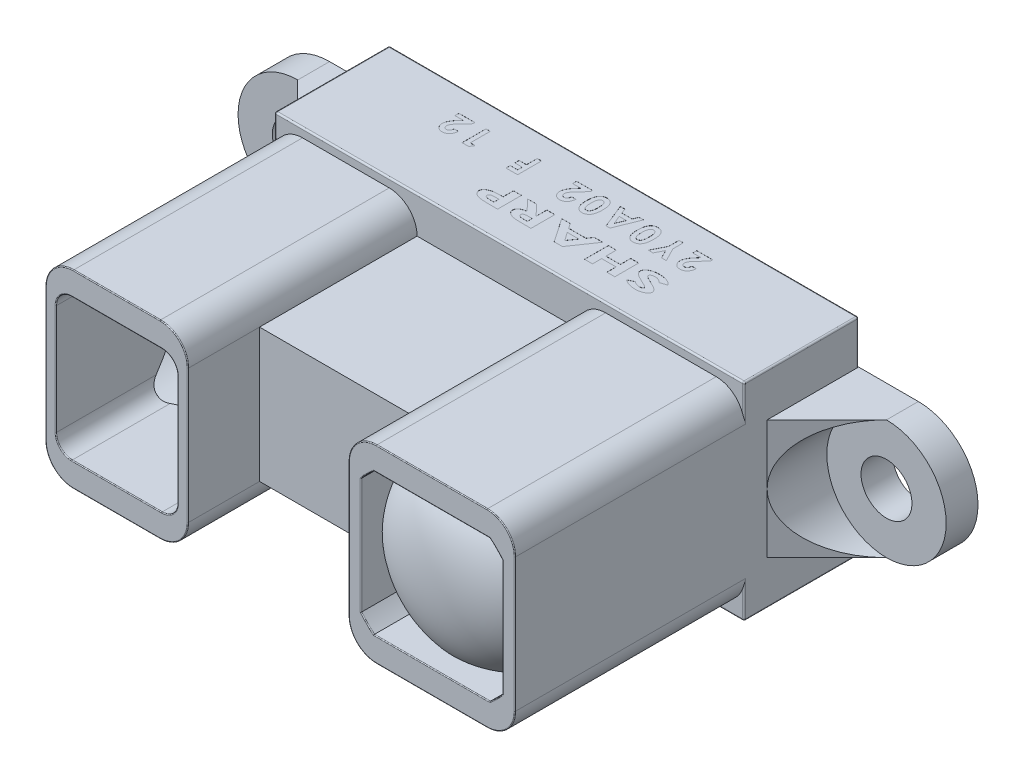
SolidWorks part; units mm, degrees
ref_plane "Front Plane" through (0, 0, 0) normal (0, 0, 1) x (1, 0, 0)
ref_plane "Top Plane" through (0, 0, 0) normal (0, 1, 0) x (1, 0, 0)
ref_plane "Right Plane" through (0, 0, 0) normal (1, 0, 0) x (0, 0, -1)
sketch "Sketch1" plane through (0, 0, 0) normal (0, 0, 1) x (1, 0, 0)
  line L0 (-18.5, 3.75) -> (-14.75, 3.75)
  line L1 (-14.75, -6.5) -> (14.75, -6.5)
  line L2 (-14.75, -6.5) -> (-14.75, -3.75)
  line L3 (-14.75, 6.5) -> (14.75, 6.5)
  line L4 (14.75, -6.5) -> (14.75, -3.75)
  line L5 (0, 0) -> (14.75, 6.5) construction
  line L6 (-14.75, 6.5) -> (0, 0) construction
  line L7 (-18.5, -3.75) -> (-14.75, -3.75)
  line L8 (18.5, -3.75) -> (14.75, -3.75)
  line L9 (18.5, 3.75) -> (14.75, 3.75)
  line L10 (-14.75, 3.75) -> (-14.75, 6.5)
  line L11 (14.75, 3.75) -> (14.75, 6.5)
  arc A0 (-18.5, 3.75) -> (-18.5, -3.75) centre (-18.5, 0) ccw
  arc A1 (18.5, -3.75) -> (18.5, 3.75) centre (18.5, 0) ccw
  circle A2 centre (-18.5, 0) radius 1.6
  circle A3 centre (18.5, 0) radius 1.6
  point P4 (0, 0)
  dimension "D2" = 37
  dimension "D3" = 18.5
  dimension "D4" = 7.5
  dimension "D5" = 7.5
  dimension "D7" = 3.2
  dimension "D8" = 3.2
  dimension "D1" = 29.5
  dimension "D6" = 13
extrude "Boss-Extrude1" add sketch "Sketch1" along normal blind 21.6
sketch "Sketch3" plane through (0, 0, 0) normal (0, 0, -1) x (-1, 0, 0)
  circle A0 centre (-18.5, 0) radius 3.75
  circle A1 centre (18.5, 0) radius 3.75
extrude "Cut-Extrude1" cut sketch "Sketch3" against normal through all from offset 2 offset against normal yes
sketch "Sketch4" plane through (0, -3.75, 0) normal (0, -1, 0) x (1, 0, 0)
  line L0 (22.25, 2) -> (18.5, 2)
  line L1 (18.5, 2) -> (14.75, 5.75)
  line L2 (14.75, 21.6) -> (14.75, 0) construction
  line L3 (14.75, 5.75) -> (14.75, 21.6)
  line L4 (14.75, 21.6) -> (22.25, 21.6)
  line L5 (22.25, 21.6) -> (22.25, 2)
  line L6 (-22.25, 2) -> (-18.5, 2)
  line L7 (-18.5, 2) -> (-14.75, 5.75)
  line L8 (-14.75, 21.6) -> (-14.75, 0) construction
  line L9 (-14.75, 5.75) -> (-14.75, 21.6)
  line L10 (-14.75, 21.6) -> (-22.25, 21.6)
  line L11 (-22.25, 21.6) -> (-22.25, 2)
  line L12 (14.75, 21.6) -> (14.75, 0) construction
  dimension "D1" = 45
  dimension "D2" = 45
extrude "Cut-Extrude2" cut sketch "Sketch4" against normal through all
sketch "Sketch5" plane through (0, 0, 21.6) normal (0, 0, 1) x (1, 0, 0)
  line L0 (14.75, -6.5) -> (14.75, 6.5) construction
  line L1 (-14.75, 6.5) -> (14.75, 6.5)
  line L2 (-14.75, 6.5) -> (-14.75, 4.2)
  line L3 (-14.75, 4.2) -> (14.75, 4.2)
  line L4 (14.75, 6.5) -> (14.75, 4.2)
  line L6 (-14.75, -6.5) -> (14.75, -6.5)
  line L7 (-14.75, -6.5) -> (-14.75, -4.2)
  line L8 (-14.75, -4.2) -> (14.75, -4.2)
  line L9 (14.75, -6.5) -> (14.75, -4.2)
  dimension "D1" = 8.4
  dimension "D2" = 4.2
extrude "Cut-Extrude3" cut sketch "Sketch5" along normal through all from offset 6.3 offset against normal yes
sketch "Sketch12" plane through (0, 0, 0) normal (0, 0, -1) x (-1, 0, 0)
  line L0 (14.75, -6.5) -> (-14.75, -6.5) construction
  line L1 (5.05, -6.5) -> (-5.05, -6.5)
  line L2 (5.05, -6.5) -> (5.05, -12.4)
  line L3 (5.05, -12.4) -> (-5.05, -12.4)
  line L4 (-5.05, -6.5) -> (-5.05, -12.4)
  point P6 (0, -6.5)
  dimension "D1" = 10.1
  dimension "D2" = 5.9
extrude "Boss-Extrude2" add sketch "Sketch12" against normal blind 1.2 from offset 3.3 offset against normal yes
sketch "Sketch13" plane through (0, -6.5, 0) normal (0, -1, 0) x (1, 0, 0)
  line L0 (-14.75, 15.3) -> (14.75, 15.3) construction
  line L1 (4.25, 4.5) -> (-5.05, 4.5)
  line L2 (4.25, 4.5) -> (4.25, 15.3)
  line L3 (4.25, 15.3) -> (-5.05, 15.3)
  line L4 (-5.05, 4.5) -> (-5.05, 15.3)
  dimension "D1" = 9.3
extrude "Cut-Extrude8" cut sketch "Sketch13" against normal up to surface (2.3 mm away) up to face at (0, -4.2, 18.45)
sketch "Sketch14" plane through (0, -4.2, 0) normal (0, -1, 0) x (1, 0, 0)
  line L0 (4.25, 4.5) -> (-5.05, 4.5) construction
  line L1 (-4.05, 4.5) -> (4.05, 4.5)
  line L2 (-4.05, 4.5) -> (-4.05, 9)
  line L3 (-4.05, 9) -> (4.05, 9)
  line L4 (4.05, 4.5) -> (4.05, 9)
  line L5 (-5.05, 15.3) -> (-5.05, 4.5) construction
  line L6 (-3.75, 4.8) -> (3.75, 4.8)
  line L7 (-3.75, 4.8) -> (-3.75, 8.7)
  line L8 (-3.75, 8.7) -> (3.75, 8.7)
  line L9 (3.75, 4.8) -> (3.75, 8.7)
  line L10 (-2.79, 7) -> (-2.29, 7)
  line L11 (-2.79, 7) -> (-2.79, 6.5)
  line L12 (-2.79, 6.5) -> (-2.29, 6.5)
  line L13 (-2.29, 7) -> (-2.29, 6.5)
  line L14 (-0.25, 7) -> (0.25, 7)
  line L15 (-0.25, 7) -> (-0.25, 6.5)
  line L16 (-0.25, 6.5) -> (0.25, 6.5)
  line L17 (0.25, 7) -> (0.25, 6.5)
  line L18 (2.29, 7) -> (2.79, 7)
  line L19 (2.29, 7) -> (2.29, 6.5)
  line L20 (2.29, 6.5) -> (2.79, 6.5)
  line L21 (2.79, 7) -> (2.79, 6.5)
  point P22 (0, 4.5)
  point P24 (0, 4.8)
  point P25 (0, 6.5)
  point P28 (-2.29, 6.75)
  point P29 (-0.25, 6.75)
  point P30 (2.29, 6.75)
  point P31 (-3.75, 6.75)
  line M23 (-5.05, 4.5) -> (4.25, 4.5)
  dimension "D1" = 4.5
  dimension "D2" = 1
  dimension "D3" = 0.3
  dimension "D4" = 0.3
  dimension "D5" = 0.3
  dimension "D6" = 0.5
  dimension "D7" = 0.5
  dimension "D8" = 0.5
  dimension "D9" = 0.5
  dimension "D10" = 0.5
  dimension "D11" = 0.5
  dimension "D12" = 2.54
  dimension "D13" = 2.54
extrude "Boss-Extrude3" add sketch "Sketch14" along normal through all contours L4 L3 L2 L9 L6 L7 L8 M23 | L17 L14 L15 L16 | L21 L20 L19 L18 | L12 L13 L10 L11 region at (-3.9573, -4.2, 6.75) region at (0, -4.2, 6.75)
sketch "Sketch15" plane through (0, -4.2, 0) normal (0, -1, 0) x (1, 0, 0)
  line L1 (-3.75, 4.8) -> (3.75, 4.8)
  line L2 (-3.75, 4.8) -> (-3.75, 8.7)
  line L3 (-3.75, 8.7) -> (3.75, 8.7)
  line L4 (3.75, 4.8) -> (3.75, 8.7)
extrude "Boss-Extrude4" add sketch "Sketch15" along normal blind 1 from offset 1.5
sketch "Sketch16" plane through (0, 0, 9) normal (0, 0, 1) x (1, 0, 0)
  line L0 (-4.05, -4.2) -> (-4.05, -4.8602)
  line L1 (-4.05, -12.4) -> (-4.05, -4.2) construction
  line L2 (-4.05, -4.8602) -> (-3.55, -4.8602)
  line L3 (-3.55, -4.8602) -> (-3.55, -5.7602)
  line L4 (-3.55, -5.7602) -> (3.55, -5.7602)
  line L5 (3.55, -5.7602) -> (3.55, -4.8)
  line L6 (3.55, -4.8) -> (4.05, -4.8)
  line L7 (4.05, -12.4) -> (4.05, -4.2) construction
  line L8 (4.05, -4.8) -> (4.05, -4.2)
  line L9 (-4.05, -12.4) -> (-4.05, -4.2) construction
  line L10 (-4.05, -4.2) -> (4.05, -4.2)
  dimension "D1" = 0.6
  dimension "D2" = 0.9
  dimension "D3" = 0.5
  dimension "D4" = 0.5
extrude "Cut-Extrude9" cut sketch "Sketch16" against normal up to surface (4.5 mm away) up to face at (4.45, -7.7, 4.5)
sketch "Sketch17" plane through (0, -12.4, 0) normal (0, -1, 0) x (-1, 0, 0)
  line L0 (4.05, -4.5) -> (4.05, -9) construction
  line L1 (-4.05, -4.5) -> (4.05, -4.5)
  line L2 (-4.05, -4.5) -> (-4.05, -4.6)
  line L3 (-4.05, -4.6) -> (4.05, -4.6)
  line L4 (4.05, -4.5) -> (4.05, -4.6)
  point P7 (4.05, -4.55)
  dimension "D1" = 0.05
extrude "Cut-Extrude10" cut sketch "Sketch17" against normal blind 0.1
chamfer "Chamfer3" distance 0.1 12 edges at (2.29, -12.4, 6.75) (2.54, -12.4, 7) (2.79, -12.4, 6.75) (2.54, -12.4, 6.5) (-0.25, -12.4, 6.75) (0, -12.4, 7) (0.25, -12.4, 6.75) (0, -12.4, 6.5) (-2.79, -12.4, 6.75) (-2.54, -12.4, 7) (-2.29, -12.4, 6.75) (-2.54, -12.4, 6.5)
sketch "Sketch18" plane through (0, 0, 9) normal (0, 0, 1) x (1, 0, 0)
  line L0 (-4.05, -12.4) -> (4.05, -12.4) construction
  line L1 (-0.75, -12.4) -> (0.75, -12.4)
  line L2 (-0.75, -12.4) -> (-0.75, -8.4)
  line L3 (-0.75, -8.4) -> (0.75, -8.4)
  line L4 (0.75, -12.4) -> (0.75, -8.4)
  line L5 (-4.05, -12.3) -> (-4.05, -4.8602) construction
  line L6 (-3.05, -8.4) -> (-2.05, -8.4)
  line L7 (-3.05, -8.4) -> (-3.05, -10.4)
  line L8 (-3.05, -10.4) -> (-2.05, -10.4)
  line L9 (-2.05, -8.4) -> (-2.05, -10.4)
  line L10 (2.05, -8.4) -> (3.05, -8.4)
  line L11 (2.05, -8.4) -> (2.05, -10.4)
  line L12 (2.05, -10.4) -> (3.05, -10.4)
  line L13 (3.05, -8.4) -> (3.05, -10.4)
  line L14 (4.05, -12.4) -> (4.05, -4.8) construction
  point P14 (0, -12.4)
  dimension "D1" = 2
  dimension "D2" = 1
  dimension "D3" = 1
  dimension "D4" = 2
  dimension "D5" = 2
  dimension "D6" = 1
  dimension "D7" = 2
  dimension "D8" = 1
  dimension "D9" = 1.5
  dimension "D10" = 4
extrude "Cut-Extrude11" cut sketch "Sketch18" against normal up to surface (0.3 mm away) up to face at (0, -9.55, 8.7)
sketch "Sketch19" plane through (0, 0, 15.3) normal (0, 0, 1) x (1, 0, 0)
  line L1 (-14.75, 6.5) -> (14.75, 6.5)
  line L2 (-14.75, 6.5) -> (-14.75, 4.2)
  line L3 (-14.75, 4.2) -> (14.75, 4.2)
  line L4 (14.75, 6.5) -> (14.75, 4.2)
  line L5 (-14.75, -4.2) -> (14.75, -4.2)
  line L6 (-14.75, -4.2) -> (-14.75, -6.5)
  line L7 (-14.75, -6.5) -> (14.75, -6.5)
  line L8 (14.75, -4.2) -> (14.75, -6.5)
extrude "Boss-Extrude5" add sketch "Sketch19" along normal up to surface (6.3 mm away) up to face at (0, 0, 21.6)
sketch "Sketch20" plane through (0, 0, 21.6) normal (0, 0, 1) x (1, 0, 0)
  line L1 (-14.75, 6.5) -> (14.75, 6.5)
  line L2 (-14.75, 6.5) -> (-14.75, -6.5)
  line L3 (-14.75, -6.5) -> (14.75, -6.5)
  line L4 (14.75, 6.5) -> (14.75, -6.5)
  line L5 (-7.55, -5.95) -> (-13, -5.95)
  line L6 (-5.8, -4.2) -> (-5.8, 4.2)
  line L7 (-7.55, 5.95) -> (-13, 5.95)
  line L8 (-14.75, -4.2) -> (-14.75, 4.2)
  line L9 (-5.8, -5.95) -> (-14.75, 5.95) construction
  line L10 (-5.8, 5.95) -> (-14.75, -5.95) construction
  line L11 (13, -5.95) -> (6.05, -5.95)
  line L12 (14.75, -4.2) -> (14.75, 4.2)
  line L13 (13, 5.95) -> (6.05, 5.95)
  line L14 (4.3, -4.2) -> (4.3, 4.2)
  line L15 (14.75, -5.95) -> (4.3, 5.95) construction
  line L16 (14.75, 5.95) -> (4.3, -5.95) construction
  arc A0 (-13, 5.95) -> (-14.75, 4.2) centre (-13, 4.2) ccw
  arc A1 (-13, -5.95) -> (-14.75, -4.2) centre (-13, -4.2) cw
  arc A2 (-7.55, -5.95) -> (-5.8, -4.2) centre (-7.55, -4.2) ccw
  arc A3 (-5.8, 4.2) -> (-7.55, 5.95) centre (-7.55, 4.2) ccw
  arc A4 (14.75, 4.2) -> (13, 5.95) centre (13, 4.2) ccw
  arc A5 (13, -5.95) -> (14.75, -4.2) centre (13, -4.2) ccw
  arc A6 (6.05, -5.95) -> (4.3, -4.2) centre (6.05, -4.2) cw
  arc A7 (6.05, 5.95) -> (4.3, 4.2) centre (6.05, 4.2) ccw
  point P6 (-10.275, 0)
  point P11 (9.525, 0)
  line M17 (14.75, -6.5) -> (14.75, 6.5)
  line M18 (14.75, 6.5) -> (-14.75, 6.5)
  line M19 (-14.75, 6.5) -> (-14.75, -6.5)
  line M20 (-14.75, -6.5) -> (14.75, -6.5)
  dimension "D7" = 1.75
  dimension "D1" = 11.9
  dimension "D2" = 8.95
  dimension "D3" = 4.475
  dimension "D4" = 19.8
  dimension "D5" = 11.9
  dimension "D6" = 10.45
extrude "Cut-Extrude12" cut sketch "Sketch20" against normal blind 4.5 contours A7 L13 A4 A0 L7 A3 L6 A2 L5 A1 A5 L11 A6 L14 M17 M18 M19 M20 region at (-0.5834, 0, 21.6)
sketch "Sketch21" plane through (0, 0, 21.6) normal (0, 0, 1) x (1, 0, 0)
  line L0 (-14.75, 6.5) -> (14.75, 6.5)
  line L1 (-14.75, 6.5) -> (-14.75, -6.5)
  line L2 (-14.75, -6.5) -> (14.75, -6.5)
  line L3 (14.75, 6.5) -> (14.75, -6.5)
  line L4 (-7.55, -5.95) -> (-13, -5.95)
  line L5 (-5.8, -4.2) -> (-5.8, 4.2)
  line L6 (-7.55, 5.95) -> (-13, 5.95)
  line L7 (-14.75, -4.2) -> (-14.75, 4.2)
  line L8 (-5.8, -5.95) -> (-14.75, 5.95) construction
  line L9 (-5.8, 5.95) -> (-14.75, -5.95) construction
  line L10 (13, -5.95) -> (6.05, -5.95)
  line L11 (14.75, -4.2) -> (14.75, 4.2)
  line L12 (13, 5.95) -> (6.05, 5.95)
  line L13 (4.3, -4.2) -> (4.3, 4.2)
  line L14 (14.75, -5.95) -> (4.3, 5.95) construction
  line L15 (14.75, 5.95) -> (4.3, -5.95) construction
  line L16 (-5.8, 4.2) -> (4.3, 4.2)
  line L17 (4.3, -4.2) -> (-5.8, -4.2)
  arc A0 (-13, 5.95) -> (-14.75, 4.2) centre (-13, 4.2) ccw
  arc A1 (-13, -5.95) -> (-14.75, -4.2) centre (-13, -4.2) cw
  arc A2 (-7.55, -5.95) -> (-5.8, -4.2) centre (-7.55, -4.2) ccw
  arc A3 (-5.8, 4.2) -> (-7.55, 5.95) centre (-7.55, 4.2) ccw
  arc A4 (14.75, 4.2) -> (13, 5.95) centre (13, 4.2) ccw
  arc A5 (13, -5.95) -> (14.75, -4.2) centre (13, -4.2) ccw
  arc A6 (6.05, -5.95) -> (4.3, -4.2) centre (6.05, -4.2) cw
  arc A7 (6.05, 5.95) -> (4.3, 4.2) centre (6.05, 4.2) ccw
  point P4 (-10.275, 0)
  point P9 (9.525, 0)
  line M23 (6.05, -5.95) -> (13, -5.95)
  arc M24 (13, -5.95) -> (14.75, -4.2) centre (13, -4.2) ccw
  arc M26 (14.75, 4.2) -> (13, 5.95) centre (13, 4.2) ccw
  line M27 (13, 5.95) -> (6.05, 5.95)
  arc M28 (6.05, 5.95) -> (4.3, 4.2) centre (6.05, 4.2) ccw
  arc M30 (4.3, -4.2) -> (6.05, -5.95) centre (6.05, -4.2) ccw
  dimension "D7" = 1.75
  dimension "D1" = 11.9
  dimension "D2" = 8.95
  dimension "D3" = 4.475
  dimension "D4" = 19.8
  dimension "D5" = 11.9
  dimension "D6" = 10.45
  dimension "D8" = 8.4
  dimension "D9" = 4.2
extrude "Cut-Extrude13" cut sketch "Sketch21" against normal up to surface (12.6 mm away) contours A2 L4 A1 L1 L2 L3 L17 M24 M23 M30 | A3 L16 L3 L0 L1 A0 L6 M28 M27 M26 region at (-0.3899, 5.6206, 21.6) region at (-0.3899, -5.6206, 21.6) up to face at (2.55, -9.4, 9)
sketch "Sketch23" plane through (0, 0, 21.6) normal (0, 0, 1) x (1, 0, 0)
  line L0 (-14.75, 6.5) -> (14.75, 6.5)
  line L1 (-14.75, 6.5) -> (-14.75, -6.5)
  line L2 (-14.75, -6.5) -> (14.75, -6.5)
  line L3 (14.75, 6.5) -> (14.75, -6.5)
  line L4 (-7.55, -5.95) -> (-13, -5.95)
  line L5 (-5.8, -4.2) -> (-5.8, 4.2)
  line L6 (-7.55, 5.95) -> (-13, 5.95)
  line L7 (-14.75, -4.2) -> (-14.75, 4.2)
  line L8 (-5.8, -5.95) -> (-14.75, 5.95) construction
  line L9 (-5.8, 5.95) -> (-14.75, -5.95) construction
  line L10 (13, -5.95) -> (6.05, -5.95)
  line L11 (14.75, -4.2) -> (14.75, 4.2)
  line L12 (13, 5.95) -> (6.05, 5.95)
  line L13 (4.3, -4.2) -> (4.3, 4.2)
  line L14 (14.75, -5.95) -> (4.3, 5.95) construction
  line L15 (14.75, 5.95) -> (4.3, -5.95) construction
  line L16 (-5.8, 4.2) -> (4.3, 4.2)
  line L17 (4.3, -4.2) -> (-5.8, -4.2)
  line L18 (-5.05, -6.5) -> (-5.05, -4.2)
  line L19 (4.25, -6.5) -> (4.25, -4.2)
  arc A0 (-13, 5.95) -> (-14.75, 4.2) centre (-13, 4.2) ccw
  arc A1 (-13, -5.95) -> (-14.75, -4.2) centre (-13, -4.2) cw
  arc A2 (-7.55, -5.95) -> (-5.8, -4.2) centre (-7.55, -4.2) ccw
  arc A3 (-5.8, 4.2) -> (-7.55, 5.95) centre (-7.55, 4.2) ccw
  arc A4 (14.75, 4.2) -> (13, 5.95) centre (13, 4.2) ccw
  arc A5 (13, -5.95) -> (14.75, -4.2) centre (13, -4.2) ccw
  arc A6 (6.05, -5.95) -> (4.3, -4.2) centre (6.05, -4.2) cw
  arc A7 (6.05, 5.95) -> (4.3, 4.2) centre (6.05, 4.2) ccw
  point P4 (-10.275, 0)
  point P9 (9.525, 0)
  line M21 (6.05, -5.95) -> (13, -5.95)
  arc M22 (13, -5.95) -> (14.75, -4.2) centre (13, -4.2) ccw
  arc M24 (14.75, 4.2) -> (13, 5.95) centre (13, 4.2) ccw
  line M25 (13, 5.95) -> (6.05, 5.95)
  arc M26 (6.05, 5.95) -> (4.3, 4.2) centre (6.05, 4.2) ccw
  arc M28 (4.3, -4.2) -> (6.05, -5.95) centre (6.05, -4.2) ccw
  dimension "D7" = 1.75
  dimension "D1" = 11.9
  dimension "D2" = 8.95
  dimension "D3" = 4.475
  dimension "D4" = 19.8
  dimension "D5" = 11.9
  dimension "D6" = 10.45
  dimension "D8" = 8.4
extrude "Cut-Extrude14" cut sketch "Sketch23" against normal blind 14.4 contours A3 L16 L3 L0 L1 A0 L6 M26 M25 M24 | A2 L4 A1 L1 L2 L18 L17 | L2 L3 M22 M21 M28 region at (-0.3899, 5.6206, 21.6) region at (-14.3079, -5.5079, 21.6) region at (9.4409, -6.089, 21.6)
sketch "Sketch24" plane through (0, 0, 21.6) normal (0, 0, 1) x (1, 0, 0)
  line L0 (13, 5.95) -> (6.05, 5.95) construction
  line L1 (-12.676, -3.6126) -> (-7.874, -3.6126)
  line L2 (-12.676, -3.6126) -> (-12.676, 3.6126)
  line L3 (-12.676, 3.6126) -> (-7.874, 3.6126)
  line L4 (-7.874, -3.6126) -> (-7.874, 3.6126)
  line L5 (-12.676, -3.6126) -> (-7.874, 3.6126) construction
  line L6 (-12.676, 3.6126) -> (-7.874, -3.6126) construction
  line L7 (5.8836, -4.45) -> (13.1664, -4.45)
  line L8 (5.075, -3.6414) -> (5.075, 3.6414)
  line L9 (5.8836, 4.45) -> (13.1664, 4.45)
  line L10 (13.975, -3.6414) -> (13.975, 3.6414)
  line L11 (5.4591, -4.0659) -> (13.5909, 4.0659) construction
  line L12 (5.4591, 4.0659) -> (13.5909, -4.0659) construction
  line L13 (-7.55, 5.95) -> (-13, 5.95) construction
  line L14 (6.05, -5.95) -> (13, -5.95) construction
  arc A0 (5.8836, 4.45) -> (5.075, 3.6414) centre (9.525, 0) ccw
  arc A1 (13.975, 3.6414) -> (13.1664, 4.45) centre (9.525, 0) ccw
  arc A2 (13.1664, -4.45) -> (13.975, -3.6414) centre (9.525, 0) ccw
  arc A3 (5.075, -3.6414) -> (5.8836, -4.45) centre (9.525, 0) ccw
  point P0 (-10.275, 0)
  point P5 (9.525, 0)
  point P15 (9.525, 5.95)
  point P19 (-10.275, 5.95)
  dimension "D3" = 11.5
  dimension "D1" = 1.5
  dimension "D2" = 1.5
extrude "Cut-Extrude15" cut sketch "Sketch24" against normal blind 4 contours L8 A3 L7 A2 L10 A1 L9 A0 region at (9.525, 0, 21.6)
sketch "Sketch25" plane through (0, 0, 0) normal (0, 1, 0) x (1, 0, 0)
  line L0 (9.525, -17.6) -> (9.525, -29.2073) construction
  line L1 (5.8836, -17.6) -> (13.1664, -17.6) construction
  line L2 (9.525, -17.6) -> (15.275, -17.6)
  line L3 (13, -21.6) -> (6.05, -21.6) construction
  line L4 (15.275, -20.6) -> (15.275, -14.6) construction
  line L5 (8.525, -21.6) -> (10.525, -21.6) construction
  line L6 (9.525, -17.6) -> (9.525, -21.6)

**Work to be completed**: The answer is a number only: how many lines of the data above include "away"?

**Problem solution**: 5